You might remember a time where you reacted to a burn or cut quickly, but then the pain got worse after the injury first happened. Nociceptive pain is also transferred by type C nerve fibers, also called “slow pain” fibers. This is what causes the throbbing, dull, or achy pain after an injury.
The second type is called inflammatory pain. The inflammation that occurs in the first couple days after the injury activates the A-delta and C nerve fibers (together called nociceptors), which send pain signals to your brain. At this point, the damage has already happened, so the reflex-type nociceptive pain signals have gone away. The inflammation chemicals activate the pain receptors, which cause tenderness and a dull, achy pain.
Inflammatory pain’s purpose is to “remind” you of an injury so you can protect it and prevent more damage. As the inflammation process slows down after the first few days, your pain level should also decrease unless you do something to trigger pain again.
Pathological pain is the last type.
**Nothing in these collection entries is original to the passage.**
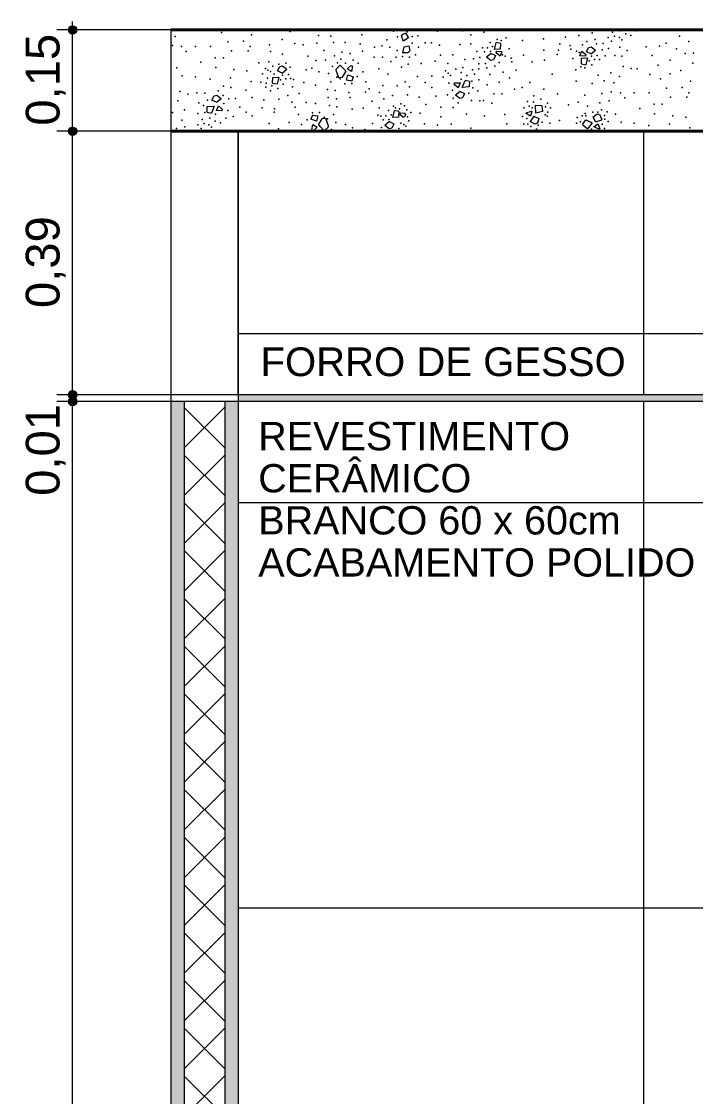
# Model space of a CAD drawing. Header units: metres. Extents: x -1.9 to 95.3, y -2.2 to 2.5.
# Drawn here: x 65.783 to 66.781, y 0.006 to 1.598 of the extents above; entities that cross this region are included whole.
import ezdxf

# ---------------------------------------------------------------- set-up
doc = ezdxf.new("R2010")
doc.units = ezdxf.units.M
doc.header["$MEASUREMENT"] = 0
for name, color, linetype in [('COTAS CORTE', 7, 'Continuous'), ('FORRO.EXEC', 7, 'Continuous'), ('LAJES.EST', 7, 'Continuous'), ('PAREDE CONSTRUIR', 7, 'Continuous')]:
    doc.layers.add(name, color=color, linetype=linetype)
for name, color, linetype, lineweight, true_color in [('COTAS CORTE_Caneta_No__25', 7, 'Continuous', 13, 0x982312), ('LAJES.EST_Caneta_No__97', 7, 'Continuous', 13, 0x6b6b6b), ('NOTAS-EXECUTIVO.ARQ_Caneta_No__12', 7, 'Continuous', 0, 0x030303), ('PAREDE CONSTRUIR_Caneta_No__97', 7, 'Continuous', 13, 0x6b6b6b)]:
    doc.layers.add(name, color=color, linetype=linetype, lineweight=lineweight, true_color=true_color)
for name, color, linetype, lineweight in [('FORRO.EXEC_Caneta_No__241', 7, 'Continuous', 13), ('LAJES.EST_Caneta_No__1', 7, 'Continuous', 40), ('LAJES.EST_Caneta_No__241', 7, 'Continuous', 13), ('PAREDE CONSTRUIR_Caneta_No__241', 7, 'Continuous', 13), ('PAREDE CONSTRUIR_Caneta_No__83', 84, 'Continuous', 0)]:
    doc.layers.add(name, color=color, linetype=linetype, lineweight=lineweight)
doc.styles.add('GENERATED_STYLE_1', font='arial.ttf')
doc.dimstyles.new('GENERATED_STYLE__2', dxfattribs={"dimtxt": 0.05, "dimasz": 0.02375, "dimexe": 0.18, "dimexo": 0.267183, "dimgap": 0, "dimtad": 1, "dimzin": 0, "dimdsep": 46, "dimtxsty": 'GENERATED_STYLE_1', "dimblk": 'ARROWHEAD_11', "dimblk1": 'ARROWHEAD_11', "dimblk2": 'ARROWHEAD_11', "dimcen": 0.09, "dimclrd": 256, "dimclre": 256, "dimclrt": 256, "dimadec": 0, "dimazin": 0, "dimtfac": 1, "dimtdec": 4, "dimtmove": 0, "dimatfit": 3, "dimfxl": 0, "dimtolj": 1, "dimtzin": 0, "dimarcsym": 0})

# ---------------------------------------------------------------- blocks, each defined once
blk = doc.blocks.new('*X242', base_point=(125.1682, -2.115))
at = {"layer": 'LAJES.EST_Caneta_No__241', "color": 7, "linetype": 'Continuous', "lineweight": 13}
for p, q in [((66.3517, 1.5801), (66.3456, 1.5773)), ((66.3483, 1.5684), (66.3456, 1.5773)), ((66.3517, 1.5801), (66.3564, 1.5732)), ((66.3493, 1.5598), (66.3473, 1.5512)), ((66.3564, 1.5732), (66.3483, 1.5684)), ((66.3493, 1.5598), (66.3566, 1.5613)), ((66.3566, 1.5613), (66.358, 1.5543)), ((66.4834, 1.5561), (66.486, 1.5664)), ((66.4924, 1.565), (66.486, 1.5664)), ((66.4924, 1.565), (66.4921, 1.5567)), ((66.6228, 1.559), (66.6269, 1.56)), ((66.6269, 1.56), (66.6332, 1.555)), ((66.3553, 1.551), (66.3473, 1.5512)), ((66.358, 1.5543), (66.3553, 1.551)), ((66.4784, 1.5502), (66.4715, 1.5447)), ((66.4779, 1.5397), (66.4715, 1.5447)), ((66.4784, 1.5502), (66.485, 1.547)), ((66.485, 1.547), (66.482, 1.5407)), ((66.4921, 1.5567), (66.4834, 1.5561)), ((66.486, 1.5509), (66.4867, 1.5535)), ((66.4918, 1.5461), (66.486, 1.5509)), ((66.4867, 1.5535), (66.4946, 1.5531)), ((66.4946, 1.5531), (66.4918, 1.5461)), ((66.6101, 1.5466), (66.613, 1.5536)), ((66.6181, 1.5462), (66.6101, 1.5466)), ((66.613, 1.5536), (66.6188, 1.5488)), ((66.6188, 1.5488), (66.6181, 1.5462)), ((66.6197, 1.5526), (66.6228, 1.559)), ((66.6264, 1.5494), (66.6197, 1.5526)), ((66.6264, 1.5494), (66.6332, 1.555)), ((66.1624, 1.5244), (66.1655, 1.5307)), ((66.1655, 1.5307), (66.1696, 1.5318)), ((66.1696, 1.5318), (66.1759, 1.5267)), ((66.2493, 1.5271), (66.2551, 1.5327)), ((66.2551, 1.5327), (66.2612, 1.5264)), ((66.2654, 1.5272), (66.2709, 1.5323)), ((66.2709, 1.5323), (66.2734, 1.5313)), ((66.2734, 1.5313), (66.272, 1.5235)), ((66.482, 1.5407), (66.4779, 1.5397)), ((66.6123, 1.5346), (66.6126, 1.543)), ((66.6123, 1.5346), (66.6188, 1.5332)), ((66.6126, 1.543), (66.6213, 1.5435)), ((66.6213, 1.5435), (66.6188, 1.5332)), ((66.155, 1.5064), (66.1553, 1.5147)), ((66.1553, 1.5147), (66.164, 1.5153)), ((66.164, 1.5153), (66.1615, 1.505)), ((66.1691, 1.5212), (66.1624, 1.5244)), ((66.1691, 1.5212), (66.1759, 1.5267)), ((66.2497, 1.5229), (66.2493, 1.5271)), ((66.2497, 1.5229), (66.2527, 1.5145)), ((66.2527, 1.5145), (66.2587, 1.5149)), ((66.2587, 1.5149), (66.2633, 1.5229)), ((66.2612, 1.5264), (66.2633, 1.5229)), ((66.2642, 1.5107), (66.2663, 1.5184)), ((66.272, 1.5235), (66.2654, 1.5272)), ((66.2663, 1.5184), (66.2747, 1.5155)), ((66.2724, 1.5092), (66.2747, 1.5155)), ((66.155, 1.5064), (66.1615, 1.505)), ((66.2724, 1.5092), (66.2642, 1.5107)), ((66.4239, 1.5043), (66.4245, 1.5069)), ((66.4297, 1.4995), (66.4239, 1.5043)), ((66.4245, 1.5069), (66.4325, 1.5066)), ((66.4325, 1.5066), (66.4297, 1.4995)), ((66.4358, 1.4996), (66.44, 1.5103)), ((66.4462, 1.5006), (66.4358, 1.4996)), ((66.4465, 1.5089), (66.44, 1.5103)), ((66.4465, 1.5089), (66.4462, 1.5006)), ((66.0652, 1.4811), (66.0683, 1.4875)), ((66.0719, 1.478), (66.0652, 1.4811)), ((66.0683, 1.4875), (66.0724, 1.4885)), ((66.0719, 1.478), (66.0787, 1.4835)), ((66.0724, 1.4885), (66.0787, 1.4835)), ((66.4325, 1.4941), (66.4256, 1.4885)), ((66.432, 1.4835), (66.4256, 1.4885)), ((66.4361, 1.4845), (66.432, 1.4835)), ((66.4325, 1.4941), (66.4391, 1.4909)), ((66.4391, 1.4909), (66.4361, 1.4845)), ((66.0578, 1.4632), (66.0581, 1.4715)), ((66.0581, 1.4715), (66.0686, 1.4724)), ((66.0686, 1.4724), (66.0643, 1.4618)), ((66.0718, 1.4655), (66.0747, 1.4725)), ((66.0798, 1.4651), (66.0718, 1.4655)), ((66.0747, 1.4725), (66.0805, 1.4678)), ((66.0805, 1.4678), (66.0798, 1.4651)), ((66.3329, 1.4552), (66.3355, 1.4655)), ((66.342, 1.4641), (66.3355, 1.4655)), ((66.5308, 1.4626), (66.5388, 1.4648)), ((66.5388, 1.4648), (66.5371, 1.4575)), ((66.5447, 1.4619), (66.5443, 1.4732)), ((66.5538, 1.4727), (66.5443, 1.4732)), ((66.5548, 1.4644), (66.5447, 1.4619)), ((66.5538, 1.4727), (66.5548, 1.4644)), ((66.0578, 1.4632), (66.0643, 1.4618)), ((66.2139, 1.459), (66.2116, 1.4528)), ((66.2201, 1.4499), (66.2116, 1.4528)), ((66.2139, 1.459), (66.2221, 1.4576)), ((66.2221, 1.4576), (66.2201, 1.4499)), ((66.2277, 1.4534), (66.223, 1.4454)), ((66.2336, 1.4537), (66.2277, 1.4534)), ((66.2366, 1.4453), (66.2336, 1.4537)), ((66.3279, 1.4493), (66.3211, 1.4437)), ((66.3279, 1.4493), (66.3346, 1.4461)), ((66.3416, 1.4558), (66.3329, 1.4552)), ((66.342, 1.4641), (66.3416, 1.4558)), ((66.3438, 1.4594), (66.3445, 1.4621)), ((66.3479, 1.4561), (66.3438, 1.4594)), ((66.3445, 1.4621), (66.3508, 1.4618)), ((66.3479, 1.4561), (66.3506, 1.4571)), ((66.3518, 1.4602), (66.3506, 1.4571)), ((66.3518, 1.4602), (66.3508, 1.4618)), ((66.5306, 1.4613), (66.5308, 1.4626)), ((66.5371, 1.4575), (66.5306, 1.4613)), ((66.5418, 1.4572), (66.5364, 1.4493)), ((66.5435, 1.4454), (66.5364, 1.4493)), ((66.5418, 1.4572), (66.5494, 1.4538)), ((66.5494, 1.4538), (66.5473, 1.447)), ((66.6141, 1.4448), (66.6186, 1.4518)), ((66.6186, 1.4518), (66.6281, 1.4474)), ((66.6295, 1.4566), (66.6354, 1.4606)), ((66.6333, 1.4492), (66.6295, 1.4566)), ((66.6333, 1.4492), (66.6424, 1.452)), ((66.6354, 1.4606), (66.6394, 1.4595)), ((66.6394, 1.4595), (66.6424, 1.452)), ((66.2129, 1.4369), (66.2143, 1.4448)), ((66.2154, 1.4359), (66.2129, 1.4369)), ((66.2143, 1.4448), (66.2209, 1.441)), ((66.2209, 1.441), (66.2154, 1.4359)), ((66.2252, 1.4419), (66.223, 1.4454)), ((66.2313, 1.4356), (66.2252, 1.4419)), ((66.2371, 1.4412), (66.2313, 1.4356)), ((66.2366, 1.4453), (66.2371, 1.4412)), ((66.3274, 1.4387), (66.3211, 1.4437)), ((66.3315, 1.4398), (66.3274, 1.4387)), ((66.3346, 1.4461), (66.3315, 1.4398)), ((66.5473, 1.447), (66.5435, 1.4454)), ((66.6141, 1.4448), (66.6212, 1.4384)), ((66.6281, 1.4474), (66.6212, 1.4384)), ((66.6308, 1.4414), (66.6367, 1.4461)), ((66.6384, 1.4381), (66.6308, 1.4414)), ((66.6367, 1.4461), (66.6394, 1.439)), ((66.6394, 1.439), (66.6384, 1.4381))]:
    blk.add_line(p, q, dxfattribs=at)
for p in [(66.0187, 1.5847), (66.0795, 1.5813), (66.1238, 1.5779), (66.1812, 1.5825), (66.2231, 1.577), (66.2282, 1.5844), (66.2413, 1.5756), (66.2871, 1.578), (66.3339, 1.5832), (66.3433, 1.5845), (66.3542, 1.5824), (66.3698, 1.5762), (66.399, 1.5831), (66.4362, 1.5835), (66.4487, 1.5779), (66.4678, 1.5815), (66.6086, 1.577), (66.6282, 1.5805), (66.6582, 1.5818), (66.6696, 1.5838), (66.6779, 1.5791), (66.6855, 1.5769), (66.6935, 1.5836), (66.7577, 1.5759), (66.0067, 1.562), (66.0107, 1.5751), (66.0202, 1.5606), (66.0407, 1.5604), (66.063, 1.5604), (66.0886, 1.5676), (66.1118, 1.5684), (66.1217, 1.5607), (66.1504, 1.5632), (66.1692, 1.5708), (66.1879, 1.5651), (66.2001, 1.5632), (66.2203, 1.5655), (66.2449, 1.5662), (66.2623, 1.5663), (66.2847, 1.5646), (66.3168, 1.5617), (66.3241, 1.5702), (66.3398, 1.5749), (66.3616, 1.5655), (66.3617, 1.5754), (66.3811, 1.5661), (66.3902, 1.5658), (66.4022, 1.5625), (66.4322, 1.5636), (66.4483, 1.5644), (66.477, 1.5665), (66.4807, 1.5604), (66.4875, 1.5707), (66.4935, 1.5692), (66.5007, 1.5735), (66.525, 1.5696), (66.5562, 1.572), (66.5801, 1.5642), (66.5889, 1.5744), (66.5955, 1.5618), (66.6141, 1.5629), (66.6205, 1.5681), (66.6326, 1.5707), (66.6348, 1.5644), (66.6445, 1.5647), (66.652, 1.5738), (66.657, 1.5682), (66.6612, 1.5756), (66.6685, 1.5739), (66.6723, 1.5704), (66.7084, 1.56), (66.7278, 1.5608), (66.7379, 1.5654), (66.7713, 1.5679), (66.0267, 1.5531), (66.0943, 1.5541), (66.1187, 1.5541), (66.1517, 1.5529), (66.1696, 1.549), (66.207, 1.546), (66.2307, 1.5547), (66.2466, 1.5467), (66.2577, 1.5519), (66.2699, 1.55), (66.288, 1.5538), (66.3054, 1.5448), (66.3061, 1.5594), (66.3175, 1.5449), (66.3285, 1.5595), (66.3378, 1.5446), (66.3396, 1.5546), (66.3475, 1.5456), (66.3577, 1.5447), (66.3665, 1.5481), (66.371, 1.5594), (66.4038, 1.5476), (66.4218, 1.5481), (66.4574, 1.5529), (66.4619, 1.5442), (66.4657, 1.5584), (66.469, 1.5526), (66.473, 1.5587), (66.4778, 1.5532), (66.4955, 1.5481), (66.4996, 1.5461), (66.5054, 1.5571), (66.5263, 1.5477), (66.5564, 1.5549), (66.5765, 1.5485), (66.5786, 1.5553), (66.5964, 1.5563), (66.6051, 1.5536), (66.6092, 1.5516), (66.627, 1.5464), (66.6357, 1.5471), (66.6429, 1.5555), (66.6474, 1.5467), (66.6522, 1.5575), (66.6617, 1.5471), (66.6691, 1.5597), (66.6723, 1.546), (66.6802, 1.5547), (66.717, 1.547), (66.7533, 1.557), (66.766, 1.5503), (66.7781, 1.5504), (66.0132, 1.5291), (66.0488, 1.5371), (66.0701, 1.5437), (66.0707, 1.5295), (66.082, 1.5437), (66.1346, 1.5363), (66.1445, 1.5278), (66.1492, 1.538), (66.1551, 1.5313), (66.1642, 1.5345), (66.1744, 1.5358), (66.181, 1.5299), (66.2132, 1.5282), (66.2188, 1.54), (66.2334, 1.5402), (66.2439, 1.5307), (66.2509, 1.5364), (66.2562, 1.5415), (66.2629, 1.5357), (66.2741, 1.5402), (66.2818, 1.5359), (66.3302, 1.5382), (66.3456, 1.5298), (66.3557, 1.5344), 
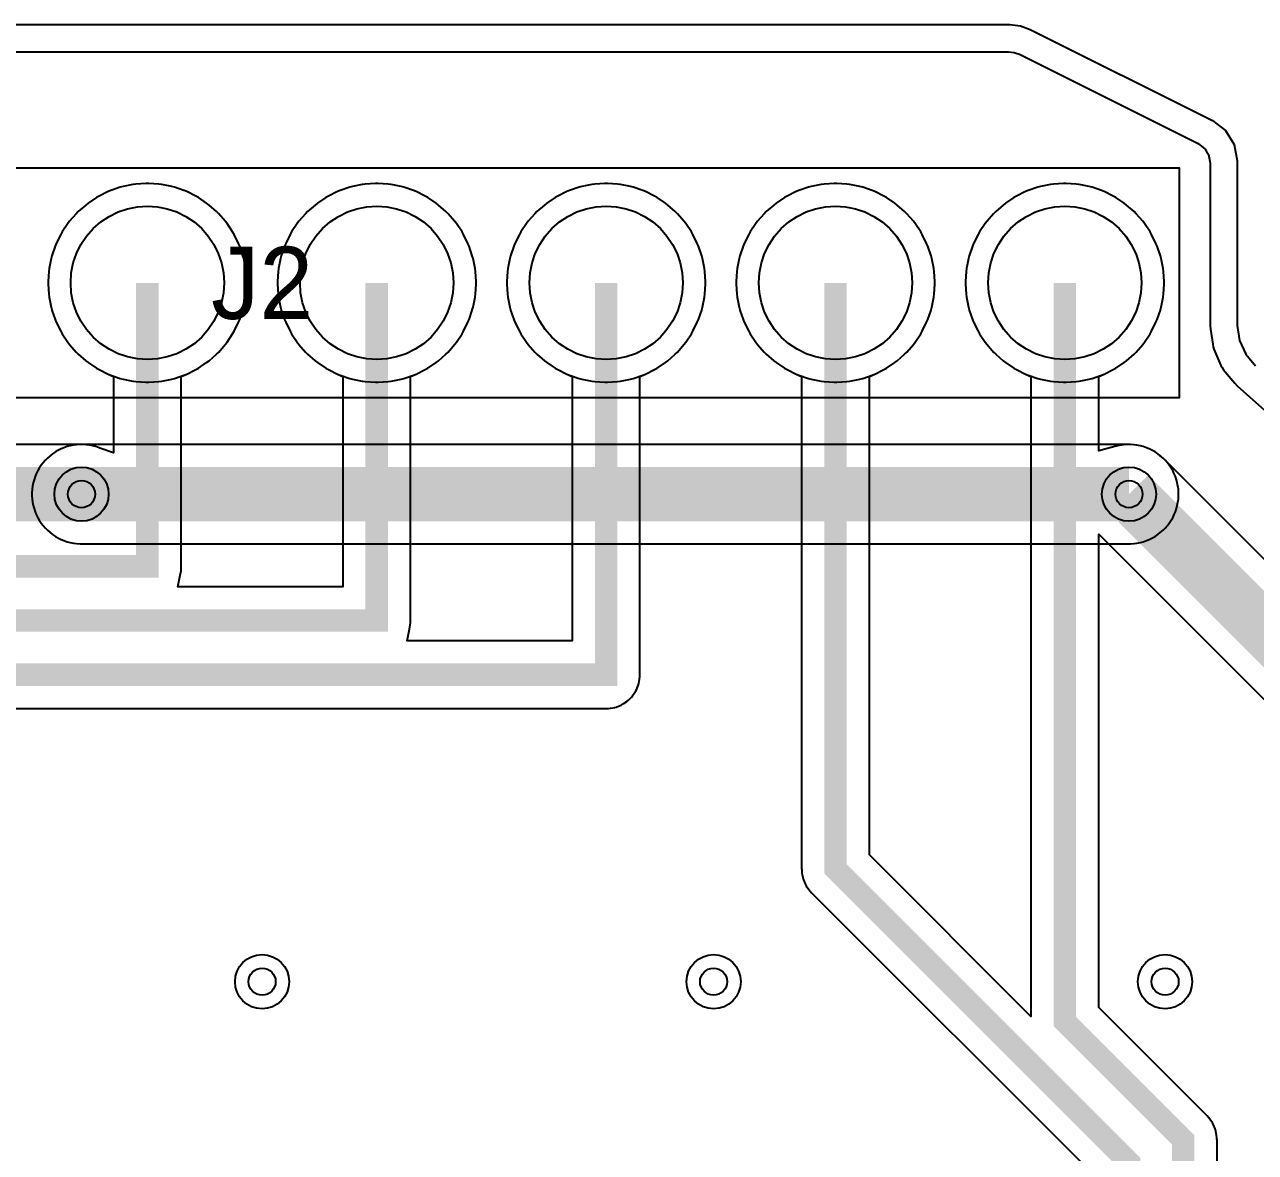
# Model space of a CAD drawing. Header units: millimetres. Extents: x -74 to 74, y -33 to 26.
# Drawn here: x -2.63 to 11, y 13.11 to 25.6 of the extents above; entities that cross this region are included whole.
import ezdxf
from ezdxf.enums import TextEntityAlignment as Align

# ---------------------------------------------------------------- set-up
doc = ezdxf.new("R2010")
doc.units = ezdxf.units.MM
for name, color, linetype in [('COBRE_BAIXO', 7, 'Continuous'), ('COBRE_CIMA', 7, 'Continuous'), ('CONTORNO', 7, 'Continuous'), ('CORPOS_CIMA', 7, 'Continuous'), ('PADS_BAIXO', 7, 'Continuous'), ('PADS_CIMA', 7, 'Continuous'), ('PLANO_GND_BAIXO', 7, 'Continuous'), ('PLANO_GND_CIMA', 7, 'Continuous'), ('REFS_CIMA', 7, 'Continuous'), ('VIAS', 7, 'Continuous')]:
    doc.layers.add(name, color=color, linetype=linetype)

msp = doc.modelspace()

# ---------------------------------------------------------------- linework, layer by layer
at = {"layer": 'COBRE_BAIXO', "const_width": 0.6}
msp.add_lwpolyline([(-2, 20.4), (9.6, 20.4)], dxfattribs=at)
at = {"layer": 'COBRE_CIMA'}
for points, const_width in [([(-2.179, -19.124), (-10.8, -10.503), (-10.8, 13.498), (-4.698, 19.6), (-1.27, 19.6), (-1.27, 22.74)], 0.25), ([(-2.179, -19.124), (-2.621, -18.682), (-10.8, -10.503), (-10.8, 13.498), (-4.698, 19.6), (-1.27, 19.6), (-1.27, 22.74)], 0.25), ([(-1.613, -18.559), (-10.2, -9.972), (-10.2, 13.249), (-4.449, 19), (1.27, 19), (1.27, 22.74)], 0.25), ([(-1.613, -18.559), (-2.055, -18.117), (-10.2, -9.972), (-10.2, 13.249), (-4.449, 19), (1.27, 19), (1.27, 22.74)], 0.25), ([(-1.047, -17.993), (-9.6, -9.44), (-9.6, 13), (-4.2, 18.4), (3.81, 18.4), (3.81, 22.74)], 0.25), ([(-1.047, -17.993), (-1.489, -17.551), (-9.6, -9.44), (-9.6, 13), (-4.2, 18.4), (3.81, 18.4), (3.81, 22.74)], 0.25), ([(1.039, -18.001), (9.6, -9.44), (9.6, 13), (6.35, 16.25), (6.35, 22.74)], 0.25), ([(1.039, -18.001), (1.481, -17.559), (9.6, -9.44), (9.6, 13), (6.35, 16.25), (6.35, 22.74)], 0.25), ([(1.604, -18.567), (10.2, -9.971), (10.2, 13.249), (8.89, 14.559), (8.89, 22.74)], 0.25), ([(1.604, -18.567), (2.046, -18.125), (10.2, -9.971), (10.2, 13.249), (8.89, 14.559), (8.89, 22.74)], 0.25), ([(-8.1, 22), (-8, 21.9), (-7.9, 21.9), (-6.4, 20.4), (-2, 20.4)], 0.6), ([(9.6, 20.4), (12.8, 17.2), (15.8, 17.2)], 0.6)]:
    msp.add_lwpolyline(points, dxfattribs=dict(at, const_width=const_width))
at = {"layer": 'CONTORNO'}
msp.add_lwpolyline([(-13.33, 19.752), (-11.001, 21.821), (-10.893, 21.949), (-10.824, 22.103), (-10.8, 22.269), (-10.8, 24.091), (-10.766, 24.271), (-10.67, 24.427), (-10.524, 24.538), (-8.506, 25.547), (-8.397, 25.587), (-8.282, 25.6), (0, 25.6), (8.282, 25.6), (8.397, 25.587), (8.506, 25.547), (10.524, 24.538), (10.67, 24.427), (10.766, 24.271), (10.8, 24.091), (10.8, 22.269), (10.824, 22.103), (10.893, 21.949), (11.001, 21.821)], dxfattribs=at)
at = {"layer": 'CORPOS_CIMA'}
msp.add_lwpolyline([(-10.16, 21.47), (10.16, 21.47), (10.16, 24.01), (-10.16, 24.01)], close=True, dxfattribs=at)
at = {"layer": 'PADS_BAIXO'}
for points in [[(-0.42, 22.74), (-0.427, 22.629), (-0.449, 22.52), (-0.485, 22.415), (-0.534, 22.315), (-0.596, 22.223), (-0.669, 22.139), (-0.753, 22.066), (-0.845, 22.004), (-0.945, 21.955), (-1.05, 21.919), (-1.159, 21.897), (-1.27, 21.89), (-1.381, 21.897), (-1.49, 21.919), (-1.595, 21.955), (-1.695, 22.004), (-1.787, 22.066), (-1.871, 22.139), (-1.944, 22.223), (-2.006, 22.315), (-2.055, 22.415), (-2.091, 22.52), (-2.113, 22.629), (-2.12, 22.74), (-2.113, 22.851), (-2.091, 22.96), (-2.055, 23.065), (-2.006, 23.165), (-1.944, 23.257), (-1.871, 23.341), (-1.787, 23.414), (-1.695, 23.476), (-1.595, 23.525), (-1.49, 23.561), (-1.381, 23.583), (-1.27, 23.59), (-1.159, 23.583), (-1.05, 23.561), (-0.945, 23.525), (-0.845, 23.476), (-0.753, 23.414), (-0.669, 23.341), (-0.596, 23.257), (-0.534, 23.165), (-0.485, 23.065), (-0.449, 22.96), (-0.427, 22.851)], [(2.12, 22.74), (2.113, 22.629), (2.091, 22.52), (2.055, 22.415), (2.006, 22.315), (1.944, 22.223), (1.871, 22.139), (1.787, 22.066), (1.695, 22.004), (1.595, 21.955), (1.49, 21.919), (1.381, 21.897), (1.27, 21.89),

Think of it as a malfunctioning alarm continuously sending signals. Within this type are 2 categories. Neuropathic pain is caused by damage to the nervous system, such as a herniated disk that presses on the spinal cord. Pathological pain you feel without damage to the nervous system, recent injury, and little to no inflammation is called dysfunctional pain. Most cases of low back pain would be classified as dysfunctional pain because there is rarely any injury that causes pain to flare up. Pathological pain is difficult to treat because there is no one cause—such as an injury—that needs to be fixed. Treatment of pathological pain has to address physical, mental, social, and even nutritional factors.
Dysfunctional pain can be caused by conditions that affect mental health—such as depression and anxiety— and an overactive stress response. The same areas of the brain that control emotion and motivation also play a role in pain perception. Hormone imbalances that affect these areas can lead to you feel pain when your body is not physically damaged.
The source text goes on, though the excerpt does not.